緩やかで幅広の平面部もあるスーパー堤防は、堤防を乗り越える「越流」が起きても「破堤」には至らず、通常の堤防を遥かに超える強靭性を有すると国交省は強弁する。しかも、平面部には高層マンションなどを建てることができ、地価上昇効果も併せ持つとの折り紙付きだ。
実際、周辺の一部が完成したスーパー堤防計画を見ると、地価上昇が期待できる「街づくり事業」と一体化したものが少なくない。
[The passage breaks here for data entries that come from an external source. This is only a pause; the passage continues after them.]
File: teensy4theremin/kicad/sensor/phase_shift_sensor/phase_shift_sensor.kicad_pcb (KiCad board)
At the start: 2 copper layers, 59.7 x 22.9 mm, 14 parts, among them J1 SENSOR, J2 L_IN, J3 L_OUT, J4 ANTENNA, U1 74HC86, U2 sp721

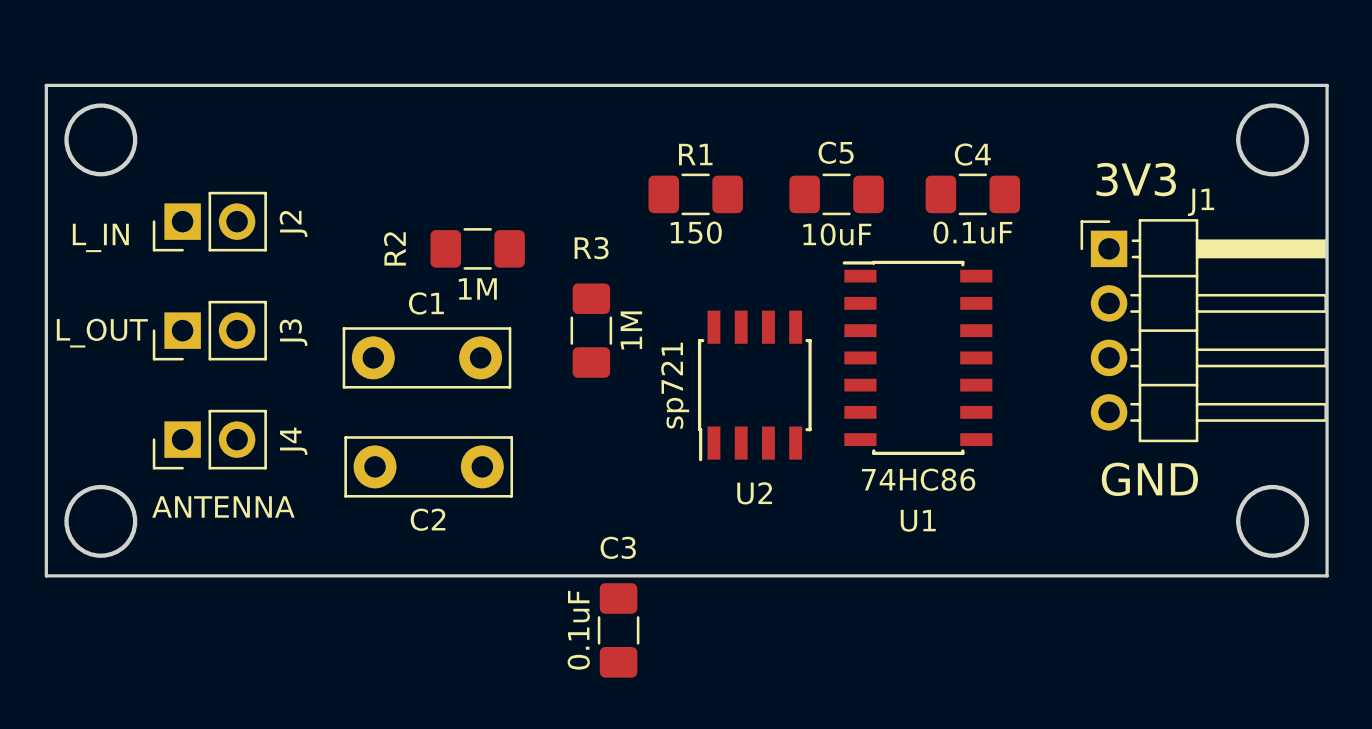
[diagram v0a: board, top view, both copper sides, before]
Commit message: sensor schematic update
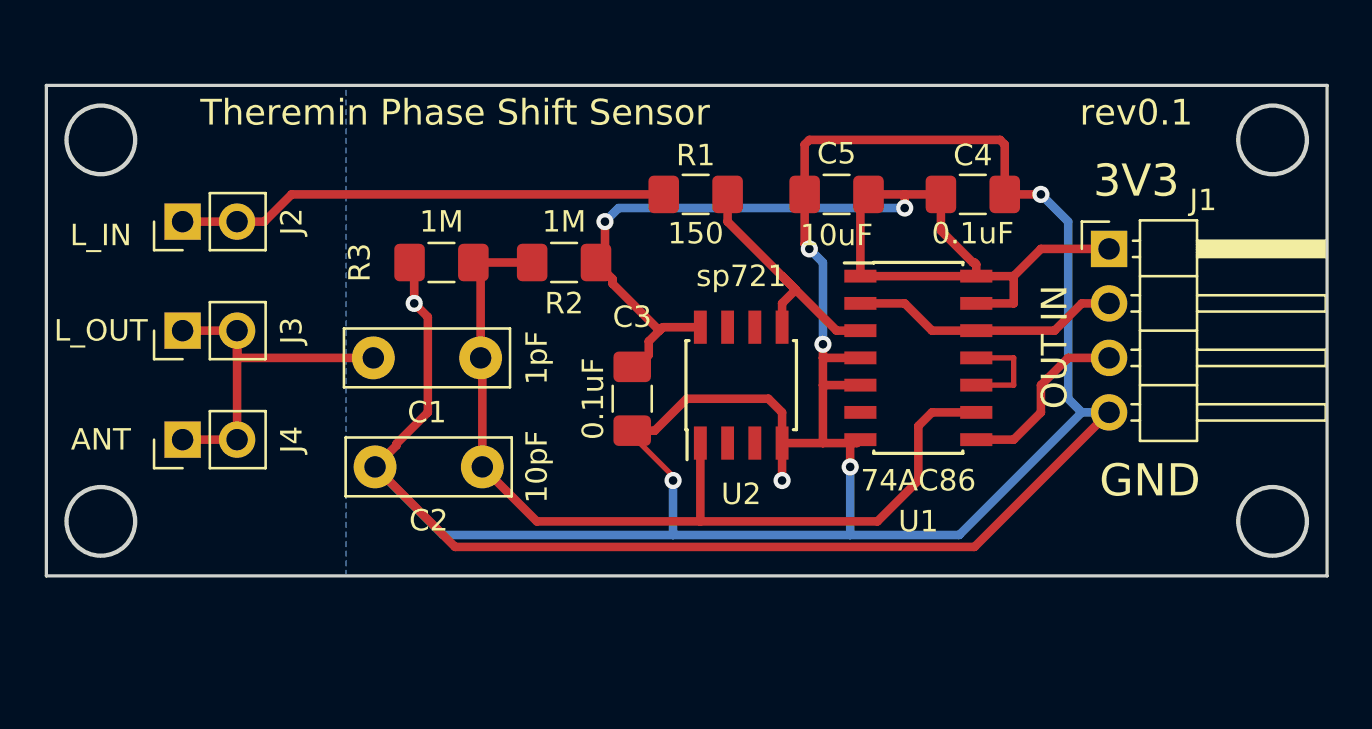
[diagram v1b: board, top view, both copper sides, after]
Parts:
- J4: value ANTENNA -> ANT
- U1: value 74HC86 -> 74AC86
- moved C3 10.8 mm to (117.5, 85.7)
- moved R3 7.67 mm to (108.6, 79.4), turned to 0 degrees
- moved R2 4.08 mm to (114.3, 79.4), turned to 0 degrees
- moved U2 0.63 mm to (122.6, 85.1)
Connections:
- U2 pad 5: Net-(U2-Pad5) -> Net-(R1-Pad2)
- U2 pad 7: Net-(J2-Pad1) -> Net-(U2-Pad7)
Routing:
- net GND: track 0.00 -> 154.5 mm, vias 0 -> 7
- net +3V3: track 0.00 -> 52.8 mm, vias 0 -> 2
- net Net-(C1-Pad2): track 0.00 -> 43.8 mm
- net Net-(J2-Pad1): track 0.00 -> 23.0 mm
- net Net-(C1-Pad1): track 0.00 -> 17.8 mm
- net /REF_CLK: track 0.00 -> 12.6 mm
- net Net-(R1-Pad2): track 0.00 -> 12.5 mm
- net /PWM_OUT: track 0.00 -> 8.51 mm
- net Net-(U1-Pad10): track 0.00 -> 4.76 mm
- added copper zone on B.Cu, net GND
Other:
- board text added: "F_IN"
- board text added: "IN"
- board text added: "OUT"
- board text added: "PWM"
- board text added: "Theremin Phase Shift Sensor"
- board text added: "rev0.1"

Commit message: update
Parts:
- added R4: 470K, Resistor_SMD:R_1206_3216Metric_Pad1.42x1.75mm_HandSolder, F.Cu at (106.7, 79.4)
- C2: value 10pF -> 33pF
- R2, R3: value 1M -> 470K
- moved R2 18.4 mm to (101.0, 92.1), turned to 180 degrees
- moved R3 5.08 mm to (113.7, 79.4)
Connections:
- R2 pad 1: Net-(C1-Pad2) -> GND
- R2 pad 2: +3V3 -> Net-(C1-Pad1)
- R3 pad 1: GND -> Net-(C1-Pad2)
- R3 pad 2: Net-(C1-Pad2) -> +3V3
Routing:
- net GND: track 154.5 -> 161.4 mm
- net Net-(C1-Pad1): track 17.8 -> 22.4 mm
- net +3V3: track 52.8 -> 55.4 mm
- net Net-(C1-Pad2): track 43.8 -> 44.9 mm

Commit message: update
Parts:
- moved J2 42.8 mm to (139.1, 72.4)
- moved J3 14.4 mm to (106.7, 72.4)
- moved J4 8.54 mm to (102.2, 81.3), turned to 180 degrees
- moved R2 6.54 mm to (104.1, 86.4), turned to 90 degrees
- moved R3 3.81 mm to (117.5, 79.4)
- moved R4 3.81 mm to (110.5, 79.4)
- moved C2 2.29 mm to (112.4, 90.2)
- moved C1 1.91 mm to (107.3, 83.8)
- moved R1 1.62 mm to (121.9, 75.6), turned to 270 degrees
- moved C3 1.42 mm to (118.1, 84.5)
- moved J1 0.63 mm to (139.1, 78.7)
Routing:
- net GND: track 161.4 -> 136.1 mm, vias 7 -> 6
- net Net-(C1-Pad1): track 22.4 -> 26.7 mm
- net Net-(C1-Pad2): track 44.9 -> 41.3 mm
- net +3V3: track 55.4 -> 52.0 mm
- net Net-(J2-Pad1): track 23.0 -> 21.0 mm
- net /PWM_OUT: track 8.51 -> 7.13 mm
- net /REF_CLK: track 12.6 -> 12.0 mm
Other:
- board size 59.7 x 22.9 mm -> 51.4 x 24.8 mm

荒川右岸の「新田地区」では「住宅市街地整備総合支援事業」(事業者=都市再生機構)が同時並行で走り、同じく荒川の「小台地区」は「中高層共同住宅建築事業」(都住宅供給公社など)が連動した。
今回の北小岩の事業も同様に、周辺の低層住宅地区を撤去する「区画整理事業」と一体化しており、予定地対岸にはすでに完成した「市川南スーパー堤防」の上に三井不動産などによる高層分譲マンションが建っている。しかも、着工を急ぐ江戸川区は十二月にも住民の移住命令を強行する構えで、これに猛反発した地域住民が事業取り消しを求めて区を提訴する事態に発展、現在東京地裁で係争中である。住民側の陳述書には、そもそも「(過去五十年間で)この地域は浸水被害に一度もあったことがない」「理解できない計画のために自分たちの生活が取り上げられる」との怒りが綴られ、十月十六日の第十回口頭弁論では、立ち退きを正当化するほどの必要性はないという原告の主張に、区が沈黙する場面もあった。地元関係者は「区画整理事業に国費を投じてくれるのだから乗らない手はないというのが区の本音。スーパー堤防の必要性をまともに主張できないのは当然」と話す。
かき消される真っ当な見直し論
防災・減災を錦の御旗に全国でスーパー堤防事業を進めたい国交省(地方整備局)はもちろん、事業を誘致したい自治体、利益誘導の実績をあげたい政治家らが、「税金の無駄」を口にすることはない。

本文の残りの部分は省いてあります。